#### [SOURCE DATA]
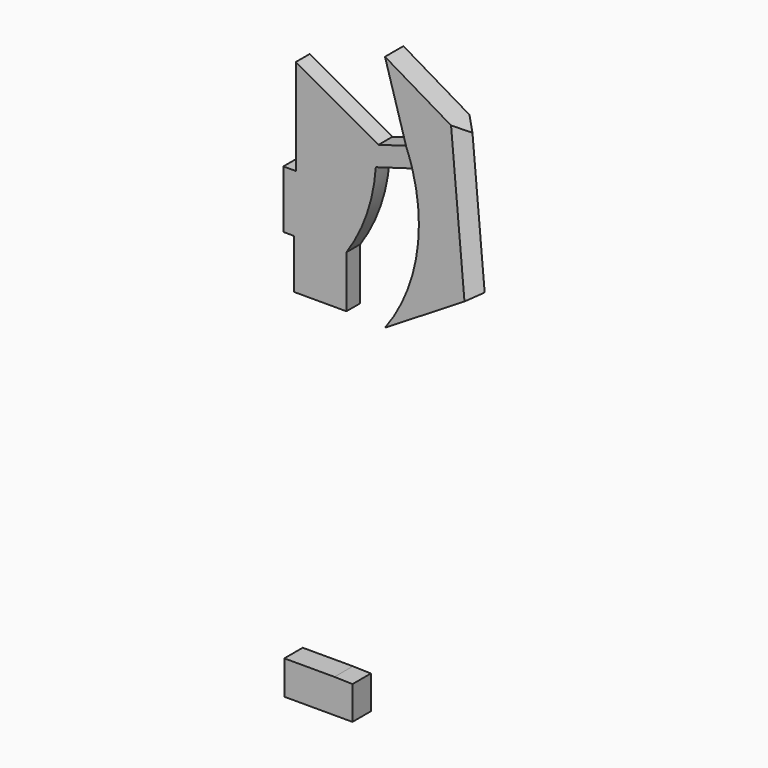
from build123d import *

# Parameters (mm, degrees)
F3_DEPTH    = 1.905
F4_DEPTH    = 2.54
F5_T1_DEPTH = 48.3053442814
F6_DEPTH    = 2.54


# Not quite as in the source:
# - a fillet or chamfer that OpenCascade refuses, or shapes differently, is made with other operations: its cross-section is extruded or revolved along the edge and cut away or added
# - the program builds the solid bodies; features that only make, move or delete a surface that nothing else refers to are left out


with BuildPart() as f3:
    # F0 (on Front) → F3 (new body, symmetric)
    with BuildSketch(Plane.XZ):
        with BuildLine():
            Line((-1.9319759193, 34.6202871443), (-20.1738812029, 44.7546765208))
            Line((-20.1738812029, 44.7546765208), (-20.1738812029, 23.6014798284))
            Line((-20.1738812029, 23.6014798284), (-22.9159612209, 23.6014798284))
            Line((-22.9159612209, 23.6014798284), (-22.9159612209, 10.8703924343))
            Line((-22.9159612209, 10.8703924343), (-20.5656066537, 10.8703924343))
            Line((-20.5656066537, 10.8703924343), (-20.5656066537, 0))
            Line((-20.5656066537, 0), (-18.231138587, 0))
            Line((-18.231138587, 0), (-14.9366050027, 0))
            Line((-14.9366050027, 0), (-11.6420714185, 0))
            Line((-11.6420714185, 0), (-11.3464937492, 0))
            Line((-11.3464937492, 0), (-9.0096937492, 0))
            Line((-9.0096937492, 0), (-9.0096937492, 11.4579806104))
            ThreePointArc((-9.0096937492, 11.4579806104), (-4.5198612968, 20.3362668162), (-2.5268969009, 30.0836077008))
            Line((-2.5268969009, 30.0836077008), (6.0717510059, 32.6111763716))
            ThreePointArc((6.0717510059, 32.6111763716), (5.4469320969, 34.6111548057), (4.7112164165, 36.5730505327))
            Line((4.7112164165, 36.5730505327), (-1.9319759193, 34.6202871443))
        make_face()
    extrude(amount=F3_DEPTH, both=True)

    # F0 (on Front) → F4 (join, symmetric)
    with BuildSketch(Plane.XZ):
        with BuildLine():
            Line((0, 52.6003465056), (4.7112164165, 36.5730505327))
            ThreePointArc((4.7112164165, 36.5730505327), (5.4469320969, 34.6111548057), (6.0717510059, 32.6111763716))
            ThreePointArc((6.0717510059, 32.6111763716), (6.8442642331, 15.59651876), (0, 0))
            Line((0, 0), (21.1531929672, 13.0248842761))
            Line((21.1531929672, 13.0248842761), (18.6069775373, 41.6208691895))
            Line((18.6069775373, 41.6208691895), (0, 52.6003465056))
        make_face()
    extrude(amount=F4_DEPTH, both=True)

    # F5: chamfer of 3.81 on 2 edges, made by hand

    # F5_s2 → F5_t1 (cut)
    with BuildSketch(Plane(origin=(-0.1152408587, 0, 1.2942447122), x_dir=(0, 1, 0), z_dir=(-0.0886901249, 0, 0.9960592662))):
        Polygon((-2.54, -18.4150124772), (1.27, -22.2250124772), (-2.54, -22.2250124772), align=None)
        Polygon((2.54, -18.4150124772), (-1.27, -22.2250124772), (2.54, -22.2250124772), align=None)
    extrude(amount=F5_T1_DEPTH, mode=Mode.SUBTRACT)


with BuildPart() as f6:
    # F0 (on Front) → F6 (new body, symmetric)
    with BuildSketch(Plane.XZ):
        Polygon((-14.7427194752, -78.8446590304), (-14.7427194752, -71.3911727071), (-18.3530040085, -71.3911727071), (-22.1962090582, -71.3911727071), (-22.1962090582, -78.8446590304), align=None)
        Polygon((-11.1324349418, -71.3911727071), (-14.7427194752, -71.3911727071), (-14.7427194752, -78.8446590304), (-7.1727680042, -78.8446590304), (-7.1727680042, -71.5076327324), align=None)
    extrude(amount=F6_DEPTH, both=True)


solid = Compound([f3.part, f6.part])

#### [WHAT TO DO]
Produce the full material again verbatim, with the pictures dropped.

#### [RESPONSE AREA]
from build123d import *

# Parameters (mm, degrees)
F3_DEPTH    = 1.905
F4_DEPTH    = 2.54
F5_T1_DEPTH = 48.3053442814
F6_DEPTH    = 2.54


# Not quite as in the source:
# - a fillet or chamfer that OpenCascade refuses, or shapes differently, is made with other operations: its cross-section is extruded or revolved along the edge and cut away or added
# - the program builds the solid bodies; features that only make, move or delete a surface that nothing else refers to are left out


with BuildPart() as f3:
    # F0 (on Front) → F3 (new body, symmetric)
    with BuildSketch(Plane.XZ):
        with BuildLine():
            Line((-1.9319759193, 34.6202871443), (-20.1738812029, 44.7546765208))
            Line((-20.1738812029, 44.7546765208), (-20.1738812029, 23.6014798284))
            Line((-20.1738812029, 23.6014798284), (-22.9159612209, 23.6014798284))
            Line((-22.9159612209, 23.6014798284), (-22.9159612209, 10.8703924343))
            Line((-22.9159612209, 10.8703924343), (-20.5656066537, 10.8703924343))
            Line((-20.5656066537, 10.8703924343), (-20.5656066537, 0))
            Line((-20.5656066537, 0), (-18.231138587, 0))
            Line((-18.231138587, 0), (-14.9366050027, 0))
            Line((-14.9366050027, 0), (-11.6420714185, 0))
            Line((-11.6420714185, 0), (-11.3464937492, 0))
            Line((-11.3464937492, 0), (-9.0096937492, 0))
            Line((-9.0096937492, 0), (-9.0096937492, 11.4579806104))
            ThreePointArc((-9.0096937492, 11.4579806104), (-4.5198612968, 20.3362668162), (-2.5268969009, 30.0836077008))
            Line((-2.5268969009, 30.0836077008), (6.0717510059, 32.6111763716))
            ThreePointArc((6.0717510059, 32.6111763716), (5.4469320969, 34.6111548057), (4.7112164165, 36.5730505327))
            Line((4.7112164165, 36.5730505327), (-1.9319759193, 34.6202871443))
        make_face()
    extrude(amount=F3_DEPTH, both=True)

    # F0 (on Front) → F4 (join, symmetric)
    with BuildSketch(Plane.XZ):
        with BuildLine():
            Line((0, 52.6003465056), (4.7112164165, 36.5730505327))
            ThreePointArc((4.7112164165, 36.5730505327), (5.4469320969, 34.6111548057), (6.0717510059, 32.6111763716))
            ThreePointArc((6.0717510059, 32.6111763716), (6.8442642331, 15.59651876), (0, 0))
            Line((0, 0), (21.1531929672, 13.0248842761))
            Line((21.1531929672, 13.0248842761), (18.6069775373, 41.6208691895))
            Line((18.6069775373, 41.6208691895), (0, 52.6003465056))
        make_face()
    extrude(amount=F4_DEPTH, both=True)

    # F5: chamfer of 3.81 on 2 edges, made by hand

    # F5_s2 → F5_t1 (cut)
    with BuildSketch(Plane(origin=(-0.1152408587, 0, 1.2942447122), x_dir=(0, 1, 0), z_dir=(-0.0886901249, 0, 0.9960592662))):
        Polygon((-2.54, -18.4150124772), (1.27, -22.2250124772), (-2.54, -22.2250124772), align=None)
        Polygon((2.54, -18.4150124772), (-1.27, -22.2250124772), (2.54, -22.2250124772), align=None)
    extrude(amount=F5_T1_DEPTH, mode=Mode.SUBTRACT)


with BuildPart() as f6:
    # F0 (on Front) → F6 (new body, symmetric)
    with BuildSketch(Plane.XZ):
        Polygon((-14.7427194752, -78.8446590304), (-14.7427194752, -71.3911727071), (-18.3530040085, -71.3911727071), (-22.1962090582, -71.3911727071), (-22.1962090582, -78.8446590304), align=None)
        Polygon((-11.1324349418, -71.3911727071), (-14.7427194752, -71.3911727071), (-14.7427194752, -78.8446590304), (-7.1727680042, -78.8446590304), (-7.1727680042, -71.5076327324), align=None)
    extrude(amount=F6_DEPTH, both=True)


solid = Compound([f3.part, f6.part])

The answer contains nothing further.